The customer service, the forum, and the selection of boards are all absolutely perfect!!!!


----------



## music6000 (Feb 18, 2020)

I don't know where else in the PCB pedal sites you would get the Supply & Customer service given by Robert or Advice here at the Forum.
If it ain't Right, He goes out of his way to make it Right.
We also have a Great wealth of Knowledge in different areas from Members as well.
My advice to New Members would be.

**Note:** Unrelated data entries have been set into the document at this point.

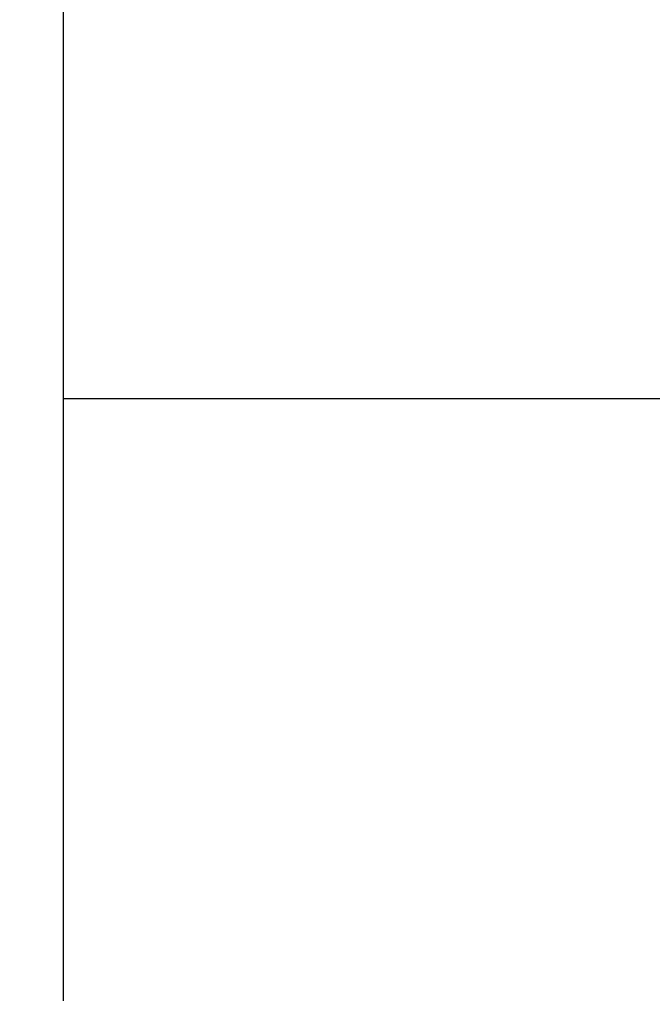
# Model space of a CAD drawing. Header units: inches. Extents: x -12418 to 57169, y -29325 to 19878.
# Drawn here: x 40172.21 to 40182.33, y -3249.46 to -3233.91 of the extents above; entities that cross this region are included whole.
import ezdxf
from ezdxf import colors
from ezdxf.entities.mleader import LeaderData, LeaderLine
from ezdxf.math import Vec2, Vec3

# ---------------------------------------------------------------- set-up
doc = ezdxf.new("R2010")
doc.units = ezdxf.units.IN
doc.header["$LTSCALE"] = 25
doc.header["$MEASUREMENT"] = 0
doc.linetypes.add('DASHDOT', pattern=[25.4, 12.7, -6.35, 0, -6.35])
doc.layers.get('0').update_dxf_attribs({"color": 8})
for name, color, linetype, lineweight in [('00-Ground Floor$0$LOADING', 253, 'Continuous', 5), ('00-Ground Floor$0$NEW Wall', 166, 'Continuous', 5), ('E-LITE-CIRC @ 100', 6, 'Continuous', 25), ('E-LITE-CLNG-CNDT', 6, 'DASHDOT', 35)]:
    doc.layers.add(name, color=color, linetype=linetype, lineweight=lineweight)
doc.styles.add('DC_Simplex', font='SIMPLEX.shx', dxfattribs={"width": 0.7})

# ---------------------------------------------------------------- blocks, each defined once
blk = doc.blocks.new('*X101')
at = {"color": 0}
for p, q in [((5, 3), (5, 3)), ((5, 3), (5, 3)), ((5, 3), (5, 3)), ((5, 3), (5, 3)), ((5, 3), (5, 3)), ((5, 3), (5, 3)), ((5, 3), (5, 3)), ((5, 3), (5, 3)), ((5, 3), (5, 3)), ((5, 3), (5, 3)), ((5, 3), (5, 3)), ((5, 3), (5, 3)), ((5, 3), (5, 3)), ((5, 3), (5, 3)), ((5, 3), (5, 3)), ((5, 3), (5, 3)), ((5, 3), (5, 3)), ((5, 3), (5, 3)), ((5, 3), (5, 3)), ((5, 3), (5, 3)), ((5, 3), (5, 3)), ((5, 3), (5, 3)), ((5, 3), (5, 3)), ((5, 3), (5, 3)), ((5, 3), (5, 3)), ((5, 3), (5, 3)), ((5, 3), (5, 3)), ((5, 3), (5, 3)), ((5, 3), (5, 3)), ((5, 3), (5, 3)), ((5, 3), (5, 3)), ((5, 3), (5, 3)), ((5, 3), (5, 3)), ((5, 3), (5, 3)), ((5, 3), (5, 3)), ((5, 3), (5, 3)), ((5, 3), (5, 3)), ((5, 3), (5, 3)), ((5, 3), (5, 3)), ((5, 3), (5, 3)), ((5, 3), (5, 3)), ((5, 3), (5, 3)), ((5, 3), (5, 3)), ((5, 3), (5, 3)), ((5, 3), (5, 3)), ((5, 3), (5, 3)), ((5, 3), (5, 3)), ((5, 3), (5, 3)), ((5, 3), (5, 3)), ((5, 3), (5, 3)), ((5, 3), (5, 3)), ((5, 3), (5, 3)), ((5, 3), (5, 3)), ((5, 3), (5, 3)), ((5, 3), (5, 3)), ((5, 3), (5, 3)), ((5, 3), (5, 3)), ((5, 3), (5, 3)), ((5, 3), (5, 3)), ((5, 3), (5, 3)), ((5, 3), (5, 3)), ((5, 3), (5, 3)), ((5, 3), (5, 3)), ((5, 3), (5, 3)), ((5, 3), (5, 3)), ((5, 3), (5, 3)), ((6, 3), (5, 3)), ((5, 3), (5, 3)), ((6, 3), (5, 3)), ((5, 3), (5, 3)), ((6, 3), (5, 3)), ((5, 3), (5, 3)), ((6, 3), (5, 3)), ((5, 3), (5, 3)), ((5, 3), (5, 3)), ((5, 3), (5, 3)), ((5, 3), (5, 3)), ((5, 3), (5, 3)), ((5, 3), (5, 3)), ((5, 3), (5, 3)), ((5, 3), (5, 3)), ((5, 3), (5, 3)), ((5, 3), (5, 3)), ((5, 3), (5, 3)), ((5, 3), (5, 3)), ((5, 3), (5, 3)), ((5, 3), (5, 3)), ((5, 3), (5, 3)), ((5, 3), (5, 3)), ((5, 3), (5, 3)), ((5, 3), (5, 3)), ((5, 3), (5, 3)), ((5, 3), (5, 3)), ((5, 3), (5, 3)), ((5, 3), (5, 3)), ((5, 3), (5, 3)), ((6, 3), (6, 3)), ((6, 3), (6, 3)), ((6, 3), (6, 3)), ((6, 3), (6, 3)), ((6, 3), (6, 3)), ((6, 3), (6, 3)), ((6, 3), (6, 3)), ((6, 3), (6, 3)), ((6, 3), (6, 3)), ((6, 3), (6, 3)), ((6, 3), (6, 3)), ((6, 3), (6, 3)), ((6, 3), (6, 3)), ((6, 3), (6, 3)), ((6, 3), (6, 3)), ((6, 3), (6, 3)), ((6, 3), (6, 3)), ((6, 3), (6, 3)), ((6, 3), (6, 3)), ((6, 3), (6, 3)), ((6, 3), (6, 3)), ((6, 3), (6, 3)), ((6, 3), (6, 3)), ((6, 3), (6, 3)), ((6, 3), (6, 3)), ((6, 3), (6, 3)), ((6, 3), (6, 3)), ((6, 3), (6, 3)), ((6, 3), (6, 3)), ((6, 3), (6, 3)), ((6, 3), (6, 3)), ((6, 3), (6, 3)), ((6, 3), (6, 3)), ((6, 3), (6, 3)), ((6, 3), (6, 3)), ((6, 3), (6, 3)), ((6, 3), (6, 3)), ((6, 3), (6, 3)), ((6, 3), (6, 3)), ((6, 3), (6, 3)), ((6, 3), (6, 3)), ((6, 3), (6, 3)), ((6, 3), (6, 3)), ((6, 3), (6, 3)), ((6, 3), (6, 3)), ((6, 3), (6, 3)), ((6, 3), (6, 3)), ((6, 3), (6, 3)), ((6, 3), (6, 3)), ((6, 3), (6, 3)), ((6, 3), (6, 3)), ((6, 3), (6, 3)), ((6, 3), (6, 3)), ((6, 3), (6, 3)), ((6, 3), (6, 3)), ((6, 3), (6, 3)), ((6, 3), (6, 3)), ((6, 3), (6, 3)), ((6, 3), (6, 3)), ((6, 3), (6, 3)), ((6, 3), (6, 3)), ((6, 3), (6, 3)), ((6, 3), (6, 3)), ((6, 3), (6, 3)), ((6, 3), (6, 3)), ((6, 3), (6, 3)), ((6, 3), (6, 3)), ((6, 3), (6, 3)), ((6, 3), (6, 3)), ((6, 3), (6, 3)), ((6, 3), (6, 3)), ((6, 3), (6, 3)), ((6, 3), (6, 3)), ((6, 3), (6, 3)), ((6, 3), (6, 3)), ((6, 3), (6, 3)), ((6, 3), (6, 3)), ((6, 3), (6, 3)), ((6, 3), (6, 3)), ((6, 3), (6, 3)), ((6, 3), (6, 3)), ((6, 3), (6, 3)), ((6, 3), (6, 3)), ((6, 3), (6, 3)), ((6, 3), (6, 3)), ((6, 3), (6, 3)), ((6, 3), (6, 3)), ((6, 3), (6, 3)), ((6, 3), (6, 3)), ((6, 3), (6, 3)), ((6, 3), (6, 3)), ((6, 3), (6, 3)), ((6, 3), (6, 3)), ((6, 3), (6, 3)), ((6, 3), (6, 3)), ((6, 3), (6, 3)), ((6, 3), (6, 3)), ((6, 3), (6, 3)), ((6, 3), (6, 3)), ((6, 3), (6, 3)), ((6, 3), (6, 3)), ((6, 3), (6, 3)), ((6, 3), (6, 3)), ((6, 3), (6, 3)), ((6, 3), (6, 3)), ((6, 3), (6, 3)), ((6, 3), (6, 3)), ((6, 3), (6, 3)), ((6, 3), (6, 3)), ((6, 3), (6, 3)), ((6, 3), (6, 3)), ((6, 3), (6, 3)), ((6, 3), (6, 3)), ((6, 3), (6, 3)), ((6, 3), (6, 3)), ((6, 3), (6, 3)), ((6, 3), (6, 3)), ((6, 3), (6, 3)), ((6, 3), (6, 3)), ((6, 3), (6, 3)), ((6, 3), (6, 3)), ((6, 3), (6, 3)), ((6, 3), (6, 3)), ((6, 3), (6, 3)), ((6, 3), (6, 3)), ((6, 3), (6, 3)), ((6, 3), (6, 3)), ((6, 3), (6, 3)), ((6, 3), (6, 3)), ((6, 3), (6, 3)), ((6, 3), (6, 3)), ((6, 3), (6, 3)), ((6, 3), (6, 3)), ((6, 3), (6, 3)), ((6, 3), (6, 3)), ((6, 3), (6, 3)), ((6, 3), (6, 3)), ((6, 3), (6, 3)), ((6, 3), (6, 3)), ((6, 3), (6, 3)), ((6, 3), (6, 3)), ((6, 3), (6, 3)), ((6, 3), (6, 3)), ((6, 3), (6, 3)), ((6, 3), (6, 3)), ((6, 3), (6, 3)), ((6, 3), (6, 3)), ((6, 3), (6, 3)), ((6, 3), (6, 3)), ((6, 3), (6, 3)), ((6, 3), (6, 3)), ((6, 3), (6, 3)), ((6, 3), (6, 3)), ((6, 3), (6, 3)), ((6, 3), (6, 3)), ((6, 3), (6, 3)), ((6, 3), (6, 3)), ((6, 3), (6, 3)), ((6, 3), (6, 3)), ((6, 3), (6, 3)), ((6, 3), (6, 3)), ((6, 3), (6, 3)), ((6, 3), (6, 3)), ((6, 3), (6, 3)), ((6, 3), (6, 3)), ((6, 3), (6, 3)), ((6, 3), (6, 3)), ((6, 3), (6, 3)), ((6, 3), (6, 3)), ((6, 3), (6, 3)), ((6, 3), (6, 3)), ((6, 3), (6, 3)), ((6, 3), (6, 3)), ((6, 3), (6, 3)), ((6, 3), (6, 3)), ((6, 3), (6, 3)), ((6, 3), (6, 3)), ((6, 3), (6, 3)), ((6, 3), (6, 3)), ((6, 3), (6, 3)), ((6, 3), (6, 3)), ((6, 3), (6, 3)), ((6, 3), (6, 3)), ((6, 3), (6, 3)), ((6, 3), (6, 3)), ((6, 3), (6, 3)), ((6, 3), (6, 3)), ((6, 3), (6, 3)), ((6, 3), (6, 3)), ((6, 3), (6, 3)), ((6, 3), (6, 3)), ((6, 3), (6, 3)), ((6, 3), (6, 3)), ((6, 3), (6, 3)), ((6, 3), (6, 3)), ((6, 3), (6, 3)), ((6, 3), (6, 3)), ((6, 3), (6, 3)), ((6, 3), (6, 3)), ((6, 3), (6, 3)), ((6, 3), (6, 3)), ((6, 3), (6, 3)), ((6, 3), (6, 3)), ((6, 3), (6, 3)), ((6, 3), (5, 3)), ((6, 3), (5, 3)), ((6, 3), (5, 3)), ((6, 3), (5, 3)), ((6, 3), (5, 3)), ((6, 3), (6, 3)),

Start with a simple circuit & work up to the more complex ones!
There's an old saying '' Start small & work your way up ''.

Cheers music6000


----------



## Barry (Feb 18, 2020)

I agree with all that's been said, wish I had found this place when I first started building!


----------



## Dali (Feb 18, 2020)

What not to love here?

Quality of products, great community willing to help newbies like me, even for what looks trivial. All that with great respect.

At first I thought I would do 3 or 4 pedals. I'm at 16 and have more on the way. I'm still "building by numbers" and have fun and feel supported. That's quite an achievement from Mr. PedalPCB himself and the whole community!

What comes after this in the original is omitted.